ANYWAYS, the existing water heater is inside our house and is in one of our closets. so no where near outside temps. the water heater was installed on top of bricks which leaves it about 2-1/2" off of the floor. 

why was the water heater installed on these bricks? since the water heater is inside, is this required for the new water heater as well? can the new water heater just be placed on the floor with no offset? what is the reason for bricks?

now i did read that bricks or some type of foot is required for GAS water heaters for air flow on the bottom. is this the case for electric?


----------



## VIPlumber (Aug 2, 2010)

Why the original electric WH was installed on bricks, in a closet, is beyond me. Some installs I've seen can be real head scratchers. So the answer is that they do not need to be mounted on a platform inside a house. Is there round drip/drain pan underneath?

As for installing it in the garage, yes you will need to install in up off the floor to prevent the bottom of the tank from rusting out. Remember that you'll need to plumb the T&P relief valve safely into your drainage system (or outside) to prevent injury in case it blows off.


----------



## user1007 (Sep 23, 2009)

If you are doing this have you looked into on demand water heaters?
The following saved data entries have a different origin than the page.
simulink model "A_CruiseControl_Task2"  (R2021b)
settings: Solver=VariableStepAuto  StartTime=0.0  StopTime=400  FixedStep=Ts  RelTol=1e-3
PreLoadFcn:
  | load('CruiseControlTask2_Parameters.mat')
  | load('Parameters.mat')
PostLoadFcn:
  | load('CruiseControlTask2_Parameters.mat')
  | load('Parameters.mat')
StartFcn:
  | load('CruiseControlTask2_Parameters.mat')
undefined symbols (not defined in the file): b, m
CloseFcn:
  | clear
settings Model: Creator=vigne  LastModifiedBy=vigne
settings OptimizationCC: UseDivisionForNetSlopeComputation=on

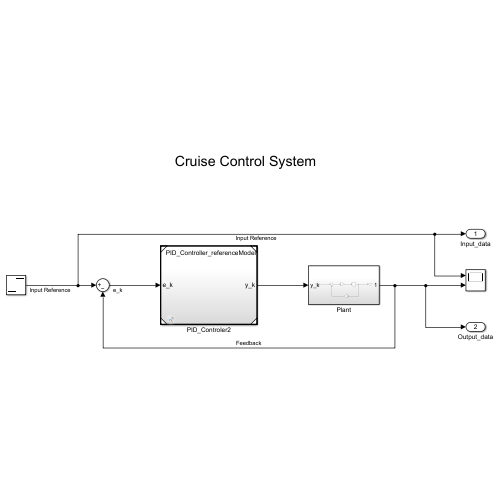
[thumbnail: Simulink's stored preview of the top-level diagram]
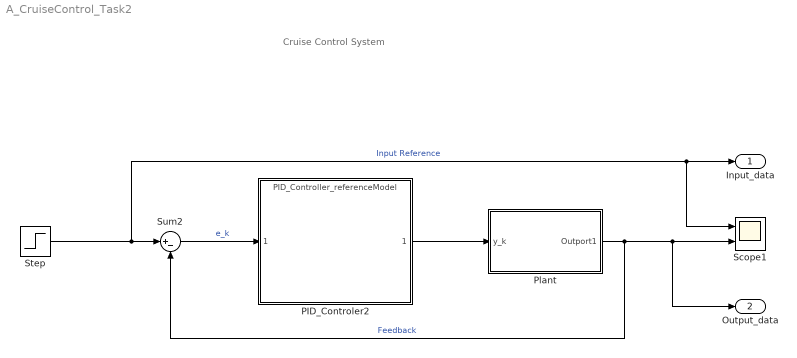
== system A_CruiseControl_Task2 ==
  note: Cruise Control System
  PID_Controler2 : ModelReference  ModelNameDialog=PID_Controller_referenceModel.slx  ModelReferenceVersion=1.16
  Plant : Subsystem
  Scope1 : Scope  NumInputPorts=2
  Step : Step  After=1000  SampleTime=0
  Sum2 : Sum  Inputs=|+-
  Input_data : Outport
  Output_data : Outport  Port=2
  wires:
  PID_Controler2/1 -> Plant/1(y_k)
  Sum2/1 -> PID_Controler2/1  "e_k"
  Step/1 -> Scope1/1, Input_data/1, Sum2/1  "Input Reference"
  Plant/1(Outport1) -> Sum2/2, Output_data/1, Scope1/2  "Feedback"

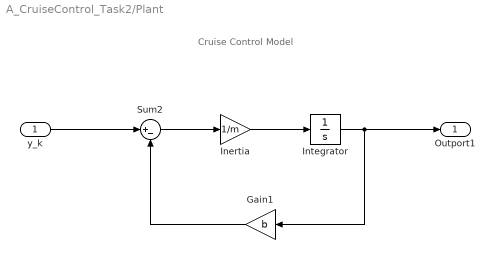
== system A_CruiseControl_Task2/Plant ==
  note: Cruise Control Model
  y_k : Inport
  Gain1 : Gain  Gain=b
  Inertia : Gain  Gain=1/m
  Integrator : Integrator
  Sum2 : Sum  Inputs=|+-
  Outport1 : Outport
  wires:
  Inertia/1 -> Integrator/1
  Integrator/1 -> Outport1/1, Gain1/1
  y_k/1 -> Sum2/1
  Gain1/1 -> Sum2/2
  Sum2/1 -> Inertia/1
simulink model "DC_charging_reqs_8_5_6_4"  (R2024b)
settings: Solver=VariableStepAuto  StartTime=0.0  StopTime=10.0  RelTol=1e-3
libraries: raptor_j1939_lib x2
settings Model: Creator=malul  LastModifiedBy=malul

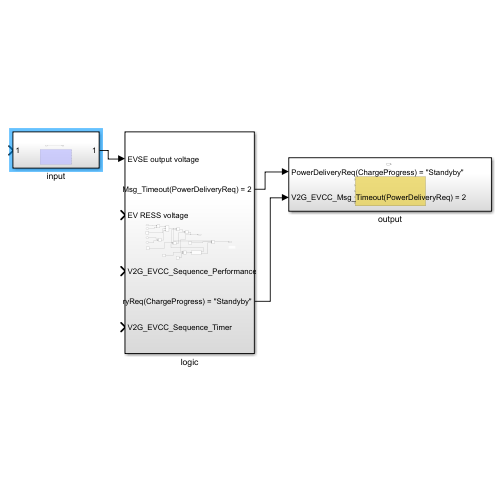
[thumbnail: Simulink's stored preview of the top-level diagram]
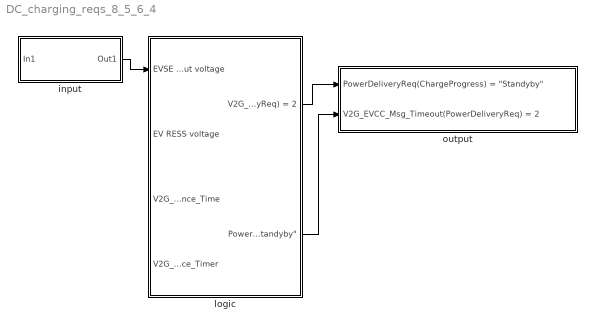
== system DC_charging_reqs_8_5_6_4 ==
  input : Subsystem
  logic : Subsystem
  output : Subsystem
  wires:
  input/1(Out1) -> logic/1(EVSE output voltage)
  logic/1(V2G_EVCC_Msg_Timeout(PowerDeliveryReq) = 2) -> output/1("PowerDeliveryReq(ChargeProgress) = \"Standyby\"")
  logic/2("PowerDeliveryReq(ChargeProgress) = \"Standyby\"") -> output/2(V2G_EVCC_Msg_Timeout(PowerDeliveryReq) = 2)

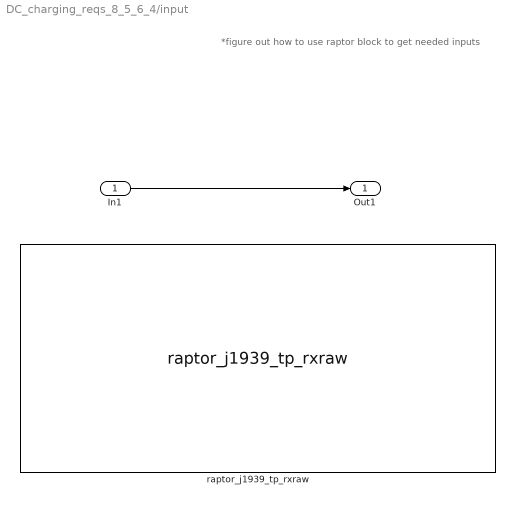
== system DC_charging_reqs_8_5_6_4/input ==
  note: *figure out how to use raptor block to get needed inputs
  In1 : Inport
  raptor_j1939_tp_rxraw : raptor_j1939_lib/Transport Protocol/raptor_j1939_tp_rxraw  bus='J1939_1'  pgn=0
      settings: SourceProductName=Raptor-J1939
  Out1 : Outport
  wires:
  In1/1 -> Out1/1

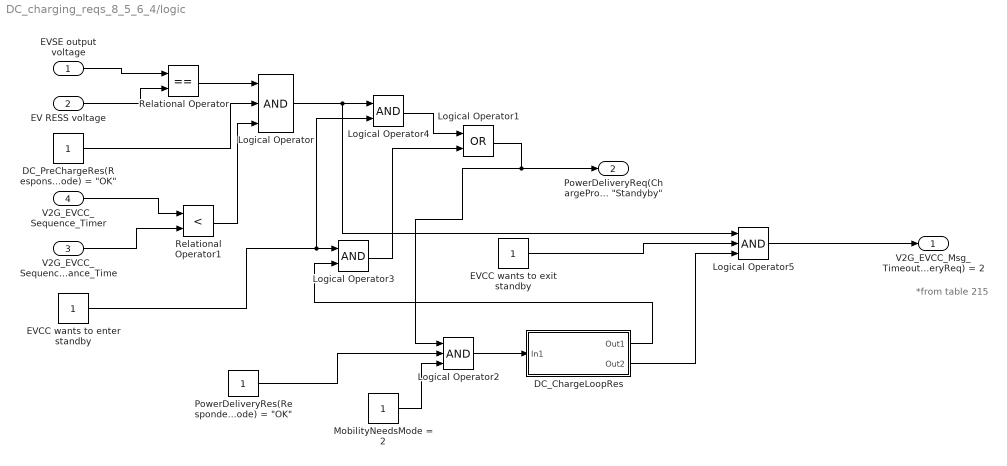
== system DC_charging_reqs_8_5_6_4/logic ==
  note: *from table 215
  EVSE output voltage : Inport
  EV RESS voltage : Inport  Port=2
  V2G_EVCC_Sequence_Performance_Time : Inport  Port=3
  V2G_EVCC_Sequence_Timer : Inport  Port=4
  DC_ChargeLoopRes : Subsystem
  "DC_PreChargeRes(ResponseCode) = \"OK\"" : Constant
  EVCC wants to enter standby : Constant
  EVCC wants to exit standby : Constant
  Logical Operator : Logic  Inputs=3  AllPortsSameDT=off  OutDataTypeStr=boolean
  Logical Operator1 : Logic  Operator=OR  AllPortsSameDT=off  OutDataTypeStr=boolean
  Logical Operator2 : Logic  Inputs=3  AllPortsSameDT=off  OutDataTypeStr=boolean
  Logical Operator3 : Logic  AllPortsSameDT=off  OutDataTypeStr=boolean
  Logical Operator4 : Logic  AllPortsSameDT=off  OutDataTypeStr=boolean
  Logical Operator5 : Logic  Inputs=3  AllPortsSameDT=off  OutDataTypeStr=boolean
  MobilityNeedsMode = 2 : Constant
  "PowerDeliveryRes(RespondeCode) = \"OK\"" : Constant
  Relational Operator : RelationalOperator  Operator===  OutDataTypeStr=boolean  RndMeth=Simplest  InputSameDT=off
  Relational Operator1 : RelationalOperator  Operator=<  OutDataTypeStr=boolean  RndMeth=Simplest  InputSameDT=off
  V2G_EVCC_Msg_Timeout(PowerDeliveryReq) = 2 : Outport
  "PowerDeliveryReq(ChargeProgress) = \"Standyby\"" : Outport  Port=2
  wires:
  EVSE output voltage/1 -> Relational Operator/1
  EV RESS voltage/1 -> Relational Operator/2
  Relational Operator/1 -> Logical Operator/1
  "DC_PreChargeRes(ResponseCode) = \"OK\""/1 -> Logical Operator/2
  V2G_EVCC_Sequence_Timer/1 -> Relational Operator1/1
  V2G_EVCC_Sequence_Performance_Time/1 -> Relational Operator1/2
  Relational Operator1/1 -> Logical Operator/3
  Logical Operator1/1 -> Logical Operator2/1, "PowerDeliveryReq(ChargeProgress) = \"Standyby\""/1
  Logical Operator/1 -> Logical Operator5/1, Logical Operator4/1
  "PowerDeliveryRes(RespondeCode) = \"OK\""/1 -> Logical Operator2/2
  MobilityNeedsMode = 2/1 -> Logical Operator2/3
  EVCC wants to enter standby/1 -> Logical Operator4/2, Logical Operator3/1
  Logical Operator2/1 -> DC_ChargeLoopRes/1(In1)
  DC_ChargeLoopRes/1(Out1) -> Logical Operator3/2
  Logical Operator3/1 -> Logical Operator1/2
  Logical Operator4/1 -> Logical Operator1/1
  EVCC wants to exit standby/1 -> Logical Operator5/2
  DC_ChargeLoopRes/2(Out2) -> Logical Operator5/3
  Logical Operator5/1 -> V2G_EVCC_Msg_Timeout(PowerDeliveryReq) = 2/1

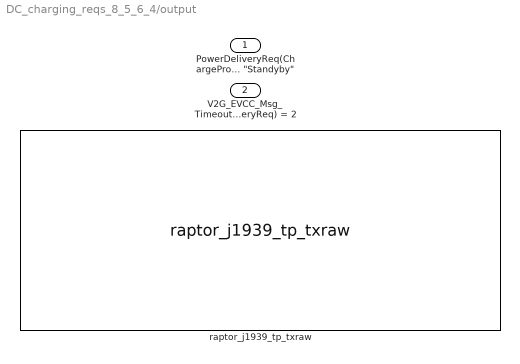
== system DC_charging_reqs_8_5_6_4/output ==
  "PowerDeliveryReq(ChargeProgress) = \"Standyby\"" : Inport
  V2G_EVCC_Msg_Timeout(PowerDeliveryReq) = 2 : Inport  Port=2
  raptor_j1939_tp_txraw : raptor_j1939_lib/Transport Protocol/raptor_j1939_tp_txraw  bus='J1939_1'  pgnNum=65207  txMode=On Request Only  period=100
      settings: SourceProductName=Raptor-J1939

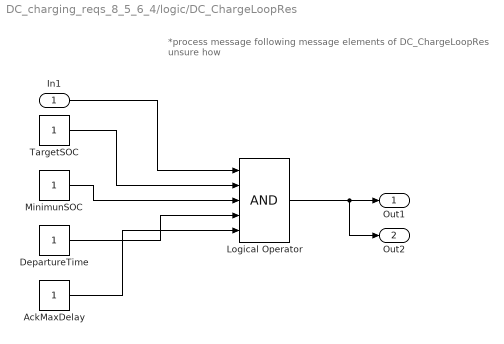
== system DC_charging_reqs_8_5_6_4/logic/DC_ChargeLoopRes ==
  note: *process message following message elements of DC_ChargeLoopRes
      |  unsure how
  In1 : Inport
  AckMaxDelay : Constant
  DepartureTime : Constant
  Logical Operator : Logic  Inputs=5  AllPortsSameDT=off  OutDataTypeStr=boolean
  MinimunSOC : Constant
  TargetSOC : Constant
  Out1 : Outport
  Out2 : Outport  Port=2
  wires:
  In1/1 -> Logical Operator/1
  TargetSOC/1 -> Logical Operator/2
  MinimunSOC/1 -> Logical Operator/3
  DepartureTime/1 -> Logical Operator/4
  AckMaxDelay/1 -> Logical Operator/5
  Logical Operator/1 -> Out2/1, Out1/1

The two Bosch thing I plunked in my California house are still working as far as I know.

And come on. You seem competent. Get a good tube cutter, flux and solder and you can do copper. I use plumbers because I need sign offs but none of mine would suggest they were practicing rocket science when soldering copper.


----------



## crankbait09 (Mar 26, 2011)

now...i do have a crawl space and the flooring in the house has a plywood sub floor. would that matter?

there is no drain pan at all. there is a drain a few inches away for any water spillage but no drain pan of any kind.

"Remember that you'll need to plumb the T&P relief valve safely into your drainage system (or outside) to prevent injury in case it blows off" can you explain this a little more? im not understanding.


----------



## crankbait09 (Mar 26, 2011)

sdsester said:


> If you are doing this have you looked into on demand water heaters? The two Bosch thing I plunked in my California house are still working as far as I know.


 
the water heater has already been bought and sitting int he garage waiting for me to man up and install it. no need to buy anything else right now. were starting to replace and upgrade items so we can sell the home. not really concerned with high quality items.


----------



## VIPlumber (Aug 2, 2010)

> "Remember that you'll need to plumb the T&P relief valve safely into your drainage system (or outside) to prevent injury in case it blows off" can you explain this a little more? im not understanding.


A T&P valve is a Temperature and Pressure relief valve. It allows the HWT to blow-off any excess temp or pressure build up so the tank does not explode like a bomb, literally. The safety needed when piping the relief valve is so that no one, human, animal or other could possibly come in contact with the discharge. For example, water boils at 212 F and the T&P is set to release at 210 F.

The correct way to pipe this is to run it directly to your drainage system, stopping 1" above the drain. This 1" gap is called an air gap and is the best defense against having the water possibly siphon back into your potable water, thus contaminating your house's water.


----------



## crankbait09 (Mar 26, 2011)

VIP - i think what your talking about is what you see in the center of the water heater (see photo).....it looks like some type of pressure release that drains in to the drain on the floor.......


----------



## VIPlumber (Aug 2, 2010)

Yes that is the T&P relief valve. Sometimes it's on top of the, sometimes on the side. Glad to see they used copper. Looks like nice, clean install.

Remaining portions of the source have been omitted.